Tutorial: One-Dimensional Signals in Matlab

Contents

Signals and 1D Matrices

In previous tutorials we have described the data in Matlab as Matrices; these matrices can have different dimensions. We can also think of these matrices as "signals" as we can be familiar with signals in other contexts. These signals can also be considered as mathematical functions especially when thinking of those which are mathematically described like sines or cosines.

For instance, repeated readings of a thermometer within a time frame would constitute a temperature signal. We can similarly think of audio signals or cardiac readings of an ECG as one-dimensional signals and images can be two-dimensional signals. In this tutorial we will present useful techniques to analyse 1D signals and images and volumes will be presented in subsequent tutorials.

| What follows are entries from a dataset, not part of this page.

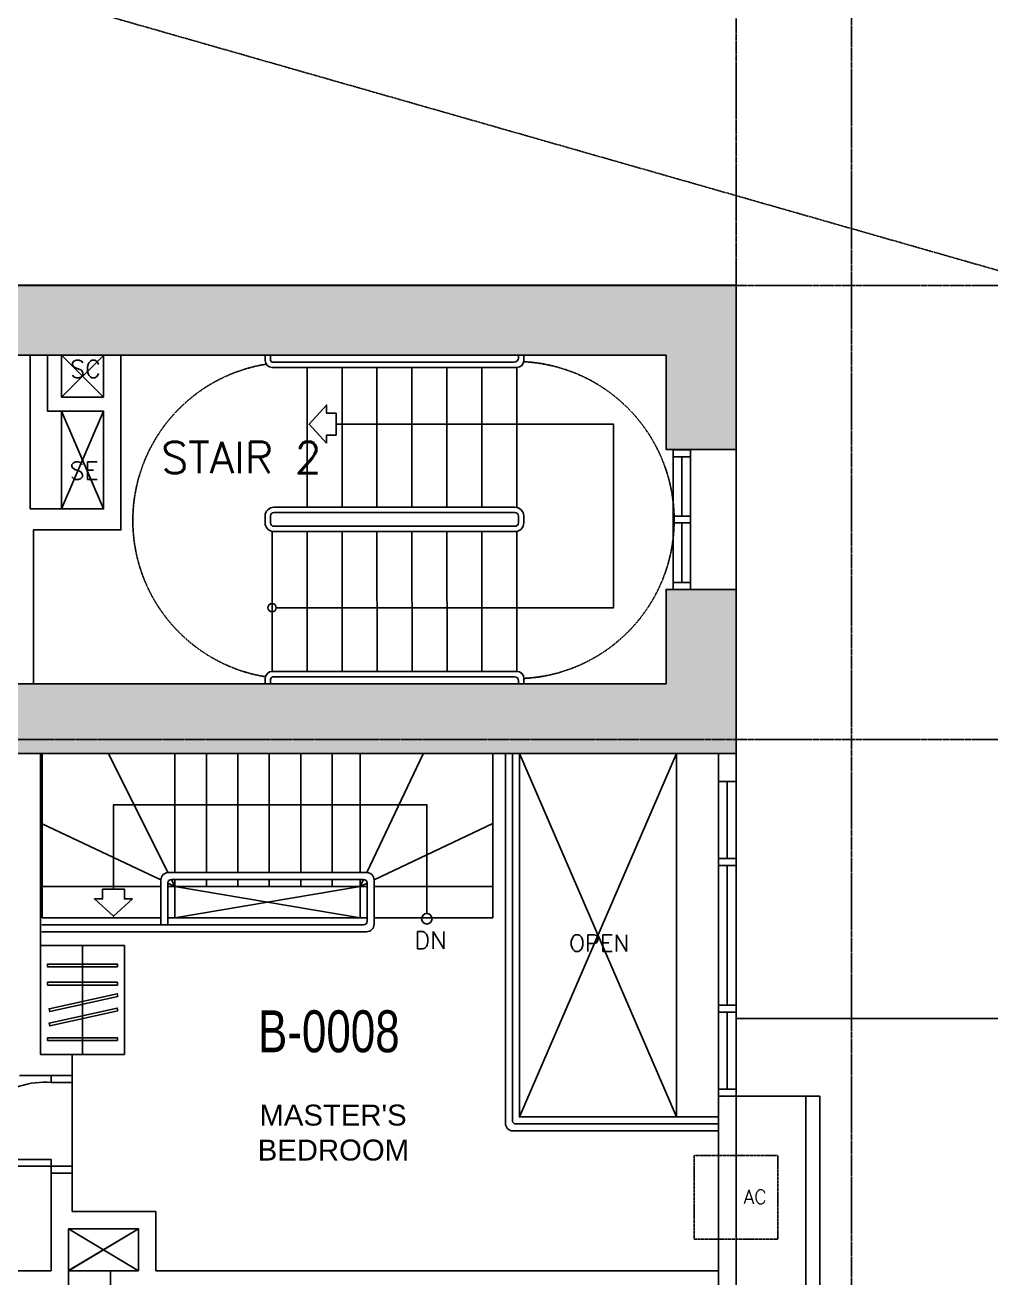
# Model space of a CAD drawing. Header units: inches. Extents: x -189245 to 740841, y -215444 to 469401.
# Drawn here: x 193047 to 199957, y -98932 to -89968 of the extents above; entities that cross this region are included whole.
import ezdxf
from ezdxf.enums import TextEntityAlignment as Align

# ---------------------------------------------------------------- set-up
doc = ezdxf.new("R2010")
doc.units = ezdxf.units.IN
doc.header["$LTSCALE"] = 10
doc.header["$MEASUREMENT"] = 0
for name, pattern in [('GRID NORMAL$0$GRID BASEMENT$0$GRID GROUND$0$GRID$0$$0$PHANTOM', [2.5, 1.25, -0.25, 0.25, -0.25, 0.25, -0.25]), ('HIDDEN', [0.375, 0.25, -0.125]), ('HIDDEN2', [0.1875, 0.125, -0.0625]), ('LEOJ', [0.3, 0.2, -0.1])]:
    doc.linetypes.add(name, pattern=pattern)
for name, color, linetype in [('3', 252, 'Continuous'), ('A-CMU WALL', 4, 'Continuous'), ('A-DOOR', 1, 'Continuous'), ('A-EQUIPMENT', 2, 'Continuous'), ('A-EQUIPTMENT', 1, 'Continuous'), ('A-GRID', 8, 'Continuous'), ('A-HATCH-SOLID', 252, 'Continuous'), ('A-RAILING', 2, 'Continuous'), ('A-SHEARWALL', 6, 'Continuous'), ('A-STAIR', 1, 'Continuous'), ('A-TEXT', 3, 'Continuous'), ('A-UNIT NUMBER', 2, 'Continuous'), ('A-WINDOW', 2, 'Continuous'), ('CABINET', 1, 'Continuous'), ('GRID BASEMENT$0$A-PROPERTY LINE', 1, 'Continuous'), ('TEXT', 3, 'Continuous'), ('TSG - plaster', 4, 'Continuous'), ('TSG- Beam', 4, 'LEOJ'), ('TSG- DIM-WALL SETOUT', 1, 'Continuous'), ('TSG- OPENNING', 1, 'Continuous'), ('TSG- plaster', 4, 'Continuous'), ('TSG-DIM_WINDWS', 1, 'Continuous')]:
    doc.layers.add(name, color=color, linetype=linetype)
doc.styles.add('ARIAL', font='ARIAL.TTF', dxfattribs={"width": 0.75})
doc.styles.add('PRSP_Simplex', font='simplex.shx')

# ---------------------------------------------------------------- blocks, each defined once
blk = doc.blocks.new('STAIR 1 2 3')
at = {"layer": 'A-STAIR', "color": 2, "linetype": 'Continuous'}
for p, q in [((-38999.8, 14612.2), (-38999.8, 14650.2)), ((-37187.8, 14630.2), (-37187.8, 14650.2)), ((-37149.8, 14612.2), (-37149.8, 14650.2)), ((-38949.8, 14562.2), (-37199.8, 14562.2)), ((-38941.8, 14600.2), (-37217.8, 14600.2)), ((-38936.8, 13562.5), (-37212.8, 13562.5)), ((-37212.8, 13562.5), (-38796.8, 13562.5)), ((-38999.8, 13451.5), (-38999.8, 13500.5)), ((-38961.8, 13500.5), (-38961.8, 13450.5)), ((-38936.8, 13524.5), (-37352.8, 13524.5)), ((-37212.8, 13524.5), (-38796.8, 13524.5)), ((-37187.8, 13500.5), (-37187.8, 13450.5)), ((-37149.8, 13451.5), (-37149.8, 13500.5)), ((-37212.8, 13426.5), (-38858.7, 13426.5)), ((-38796.8, 13426.5), (-37212.8, 13426.5)), ((-38796.8, 13388.5), (-38127, 13388.5)), ((-37212.8, 13388.5), (-38022.6, 13388.5)), ((-38948.4, 12388), (-37198.4, 12388)), ((-38998.4, 12338), (-38998.4, 12300)), ((-38960.4, 12330), (-38960.4, 12300)), ((-38940.4, 12350), (-37216.4, 12350)), ((-37186.4, 12320), (-37186.4, 12300)), ((-37148.4, 12338), (-37148.4, 12300))]:
    blk.add_line(p, q, dxfattribs=at)
at = {"layer": 'A-STAIR', "linetype": 'Continuous'}
blk.add_line((-37039.7, 12300.2), (-37039.7, 12300.2), dxfattribs=at)
at = {"layer": 'A-STAIR', "color": 2, "linetype": 'Continuous'}
for points in [[(-38961.8, 14620.2), (-38961.8, 14650)], [(-38022.6, 13388.5), (-38936.8, 13388.5)]]:
    blk.add_lwpolyline(points, dxfattribs=at)
at = {"layer": 'A-STAIR', "linetype": 'Continuous'}
for points in [[(-38699.8, 14562.2), (-38699.8, 13562.5)], [(-38449.8, 14562.2), (-38449.8, 13562.5)], [(-38199.8, 14562.2), (-38199.8, 13562.5)], [(-37949.8, 14562.2), (-37949.8, 13562.5)], [(-37699.8, 14562.2), (-37699.8, 13562.5)], [(-37449.8, 14562.2), (-37449.8, 13562.5)], [(-37199.8, 14562.2), (-37199.8, 13561.3)], [(-38949.8, 13388.5), (-38948.4, 12388)], [(-38699.8, 13388.5), (-38698.4, 12388)], [(-38449.8, 13388.5), (-38448.4, 12388)], [(-38199.8, 13388.5), (-38198.4, 12388)], [(-37949.8, 13388.5), (-37948.4, 12388)], [(-37699.8, 13388.5), (-37698.4, 12388)], [(-37449.8, 13388.5), (-37448.4, 12388)], [(-37199.8, 13389.9), (-37198.4, 12388)]]:
    blk.add_lwpolyline(points, dxfattribs=at)
at = {"layer": 'A-STAIR', "color": 2}
blk.add_lwpolyline([(-38560.4, 14020.5), (-38684.8, 14157), (-38560.4, 14293.5), (-38560.4, 14235), (-38491.6, 14235), (-38491.6, 14079), (-38560.4, 14079)], close=True, dxfattribs=at)
at = {"layer": 'A-STAIR'}
blk.add_lwpolyline([(-38919.8, 12844), (-36506.7, 12844), (-36506.7, 14157), (-38491.6, 14157)], dxfattribs=at)
at = {"layer": 'A-STAIR', "color": 2, "linetype": 'Continuous'}
for points in [[(-38858.7, 13426.5), (-38936.8, 13426.5, -0.414214), (-38961.8, 13451.5), (-38961.8, 13500.5)], [(-37291, 13524.5), (-37212.8, 13524.5, -0.414214), (-37187.8, 13499.5), (-37187.8, 13450.5)], [(-37291, 13426.5), (-37212.8, 13426.5, 0.414214), (-37187.8, 13451.5), (-37187.8, 13500.5)]]:
    blk.add_lwpolyline(points, format="xyb", dxfattribs=at)
at = {"layer": 'A-STAIR', "color": 2}
blk.add_circle((-38949.8, 12844), 30, dxfattribs=at)
at = {"layer": 'A-STAIR', "color": 2, "linetype": 'Continuous'}
for centre, radius, start, end in [((-38949.8, 14612.2), 50, 180, 270), ((-38941.8, 14620.2), 20, 180, 270), ((-37217.8, 14630.2), 30, 270, 0), ((-37199.8, 14612.2), 50, 270, 0), ((-38937.7, 13500.4), 62.2, 89.2192, 179.86407), ((-38937.7, 13500.4), 62.2, 89.21928, 179.86414), ((-37212, 13500.4), 62.2, 0.13599, 90.78087), ((-38936.8, 13451.5), 63, 180.00007, 270.00007), ((-38937.7, 13500.4), 24.2, 88.01504, 179.64665), ((-38937.7, 13500.4), 24.2, 88.01514, 179.64671), ((-37212.8, 13451.5), 63, 270.00007, 0.00007), ((-38948.4, 12338), 50, 90, 180), ((-37198.4, 12338), 50, 0, 90), ((-38940.4, 12330), 20, 90, 180), ((-37216.4, 12320), 30, 0, 90)]:
    blk.add_arc(centre, radius, start, end, dxfattribs=at)
at = {"layer": 'A-STAIR', "linetype": 'HIDDEN'}
for centre, radius, start, end in [((-38813.4, 13467.5), 1132.7, 99.09401, 260.59976), ((-37208.1, 13470.8), 1134.4, 273.02061, 87.08955)]:
    blk.add_arc(centre, radius, start, end, dxfattribs=at)
blk = doc.blocks.new('grid')
at = {"layer": 'A-GRID', "linetype": 'GRID NORMAL$0$GRID BASEMENT$0$GRID GROUND$0$GRID$0$$0$PHANTOM'}
for p, q in [((-77958.8, -228688.5), (-77958.8, -289256.3)), ((-78783.8, -230188.4), (-78783.8, -289282.1)), ((-33688.1, -237636.6), (-100703.6, -237636.6)), ((-33688.1, -240886.6), (-100703.6, -240886.6))]:
    blk.add_line(p, q, dxfattribs=at)
blk = doc.blocks.new('SW6')
at = {"layer": 'A-HATCH-SOLID', "ltscale": 2}
blk.add_hatch(color=254, dxfattribs=at).paths.add_polyline_path([(0, -100), (0, 575), (500, 575), (500, -100), (500, -600), (-4675, -600), (-4675, -100)])
at = {"layer": 'A-SHEARWALL', "color": 6}
blk.add_lwpolyline([(0, -100), (0, 575), (500, 575), (500, -100), (500, -100), (500, -600), (-4675, -600), (-4675, -100), (-4675, -100), (-4675, -100), (0, -100)], dxfattribs=at)
blk = doc.blocks.new('door600')
at = {"color": 2}
for points in [[(50, 150), (100, 150), (100, 750), (50, 750)], [(50, 150), (0, 150), (0, 0), (50, 0)], [(700, 150), (650, 150), (650, 0), (700, 0)]]:
    blk.add_lwpolyline(points, close=True, dxfattribs=at)
at = {"color": 1}
blk.add_arc((100, 197.9), 552.1, 355.02089, 90, dxfattribs=at)
blk = doc.blocks.new('A$C39692B5D')
at = {"layer": 'CABINET', "color": 2, "linetype": 'HIDDEN', "ltscale": 500}
blk.add_line((300, 0), (300, 780.4), dxfattribs=at)
at = {"layer": 'CABINET', "color": 1, "linetype": 'Continuous'}
blk.add_lwpolyline([(600, 0), (0, 0), (0, 780.4), (600, 780.4)], close=True, dxfattribs=at)
at = {"layer": 'CABINET', "color": 2}
for points in [[(550, 626.9), (550, 646.9), (50, 646.9), (50, 626.9)], [(550, 497.3), (550, 517.3), (50, 517.3), (50, 497.3)], [(553.1, 415.2), (548.8, 434.8), (60.5, 326.9), (64.8, 307.4)], [(553.1, 313), (548.8, 332.5), (60.5, 224.7), (64.8, 205.1)], [(550, 99.4), (550, 119.4), (50, 119.4), (50, 99.4)]]:
    blk.add_lwpolyline(points, close=True, dxfattribs=at)

msp = doc.modelspace()

# ---------------------------------------------------------------- hatches: boundary and pattern name
at = {"layer": 'TSG- DIM-WALL SETOUT'}
h = msp.add_hatch(color=253, dxfattribs=at)
h.paths.add_polyline_path([(186285.29041, -132626.32537), (187185.29041, -132626.32537), (187185.29041, -133326.32537), (186285.29041, -133326.32537)])
h.paths.add_polyline_path([(197335.29041, -109930.85693), (198135.29041, -109930.85693), (198135.29041, -109230.85693), (197335.29041, -109230.85693)])
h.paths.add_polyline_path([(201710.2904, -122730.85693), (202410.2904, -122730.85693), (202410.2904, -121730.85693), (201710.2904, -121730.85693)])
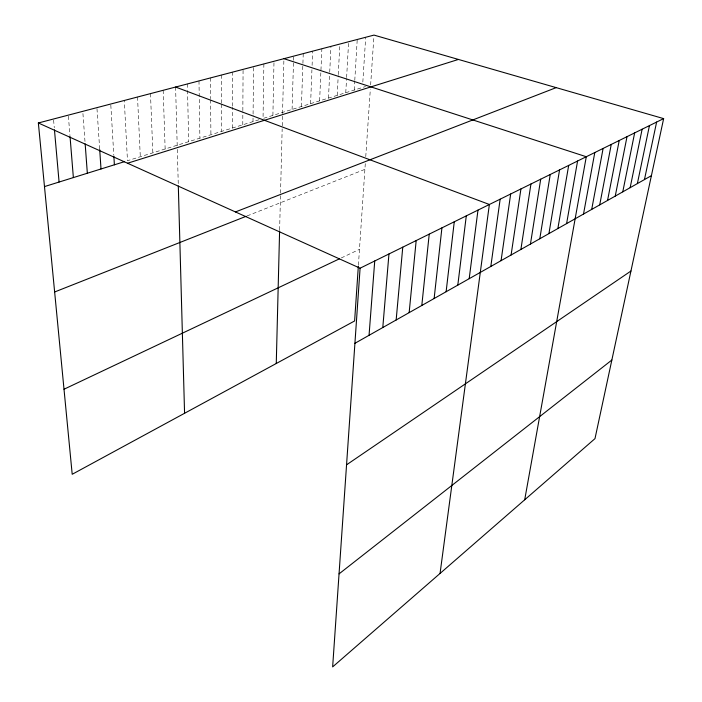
<?xml version="1.0" encoding="UTF-8"?>
<svg xmlns="http://www.w3.org/2000/svg" width="702" height="702" viewBox="0 0 702 702"><rect width="100%" height="100%" fill="white"/><g stroke="black" fill="none" stroke-linecap="round" stroke-linejoin="round"><path stroke-width="0.53" stroke-dasharray="3.51 2.63" d="M232.353 128.045L232.362 107.23M232.362 106.134L232.371 72.174M242.778 124.798L242.848 111.758M242.848 110.67L243.076 69.375M253.001 121.613L253.071 115.146M253.08 114.066L253.58 66.629M263.882 63.926L263.039 118.48L365.531 86.539M272.894 115.409L273.999 61.285M279.624 229.931L282.16 128.878M282.239 125.825L283.924 58.678M292.085 109.433L293.673 56.134M301.43 106.52L302.869 64.417M302.913 63.338L303.246 53.624M310.609 103.659L311.925 69.752M312.092 65.383L312.644 51.167M319.621 100.851L321.876 48.745M328.492 98.087L329.668 73.306M329.721 72.227L330.949 46.376M337.206 95.375L338.224 75.711M338.276 74.623L339.856 44.042M345.77 92.699L346.56 78.606M346.621 77.527L348.622 41.743M354.194 90.075L354.712 81.467M354.773 80.388L357.23 39.496M362.829 82.037L365.689 37.276M358.406 265.145L365.33 163.013M365.76 156.66L370.34 89.119M370.63 84.96L373.859 37.267M341.286 257.95L359.477 249.333M247.148 215.9L364.9 169.357M259.02 119.735L127.474 160.723L124.289 100.474M53.598 120.095L54.273 127.703M68.392 116.207L69.963 135.591M82.933 113.513L85.012 141.743M96.99 108.713L99.71 149.605M110.819 105.107L113.794 155.037M137.531 97.008L140.295 156.73M150.482 93.612L152.852 152.817M163.171 90.295L165.145 148.991M175.597 87.039L177.281 148.341M177.308 149.377L178.255 183.775M187.408 83.95L187.522 89.391M187.548 90.479L188.662 141.664M198.982 80.923L199.903 138.154M210.328 77.948L210.547 98.692M210.556 99.781L210.925 134.723M221.455 75.035L221.604 103.194M221.604 104.273L221.744 131.353"/><path stroke-width="1.05" d="M276.263 363.504L279.598 230.958M358.336 266.19L354.615 320.963L72.201 474.289L38.356 122.973L374.008 35.1L663.644 118.612L594.989 438.627L332.643 666.9L360.091 268.199L663.644 118.612M369.05 335.319L374.736 260.977M382.792 327.544L388.952 253.975M396.156 319.989L402.764 247.165M409.152 312.636L416.181 240.558M421.805 305.484L429.229 234.126M434.126 298.517L441.918 227.869M446.121 291.734L454.264 221.788M457.809 285.126L466.286 215.865M469.19 278.694L477.983 210.1M440.057 573.429L489.373 204.484L175.597 87.039M490.812 266.47L500.157 199.175M501.07 260.661L510.67 193.998M511.091 254.993L520.928 188.943M520.884 249.464L530.94 184.003M530.449 244.05L540.707 179.185M539.794 238.768L550.254 174.491M548.929 233.599L559.573 169.893M557.862 228.554L568.681 165.409M566.602 223.613L577.588 161.021M524.701 499.78L586.284 156.73L283.924 58.678M583.511 214.049L594.796 152.536M591.698 209.415L603.115 148.438M599.71 204.887L611.258 144.428M607.555 200.447L619.225 140.497M615.242 196.104L627.018 136.653M622.771 191.848L634.652 132.897M630.15 187.68L642.128 129.212M637.372 183.591L649.447 125.605M644.462 179.58L656.624 122.069M339.048 573.885L611.854 360.029M346.551 464.829L630.949 271.025M354.914 343.304L651.412 175.658M64.005 389.241L339.329 258.871M54.633 291.979L246.174 216.286M235.433 211.934L556.203 87.627M127.545 163.233L458.432 59.442M44.48 186.592L124.456 161.671M38.356 122.973L360.091 268.199M54.458 129.87L59.082 182.037M70.051 136.671L73.368 177.588M85.17 143.919L87.338 173.236M99.71 149.605L101.009 168.971M113.864 156.125L114.382 164.803M178.317 185.942L184.573 413.285"/></g></svg>

One of the biggest advantages of using Matlab is the possibility of using mathematical functions, such as logarithms, square roots or absolute values, within matrices. In traditional programming languages, if you were interested in obtaining the logarithm of all the values of a matrix, you would need to loop over all the elements and obtain the logarithm of each element. In Matlab this is not necessary, the functions are applied to the whole matrix in one single instruction.

The following examples will use some of the most common Matlab commands and mathematical functions to illustrate how can we generate and manipulate data with a few, simple commands. First, a range of values is assigned to a variable. For example, we can consider these values as the times of an experiment that takes samples of a certain measurement every half a minute (0.5) for a space of one hour (0:60). Our variable 'time_range' would be defined like this:

time_range              = 0:0.5:60;

Now imagine that the observation would behave in a sinusoidal way and are related to the time. We can then use the command 'sin' that calculates the sine values of each of the elements of 'time_range'.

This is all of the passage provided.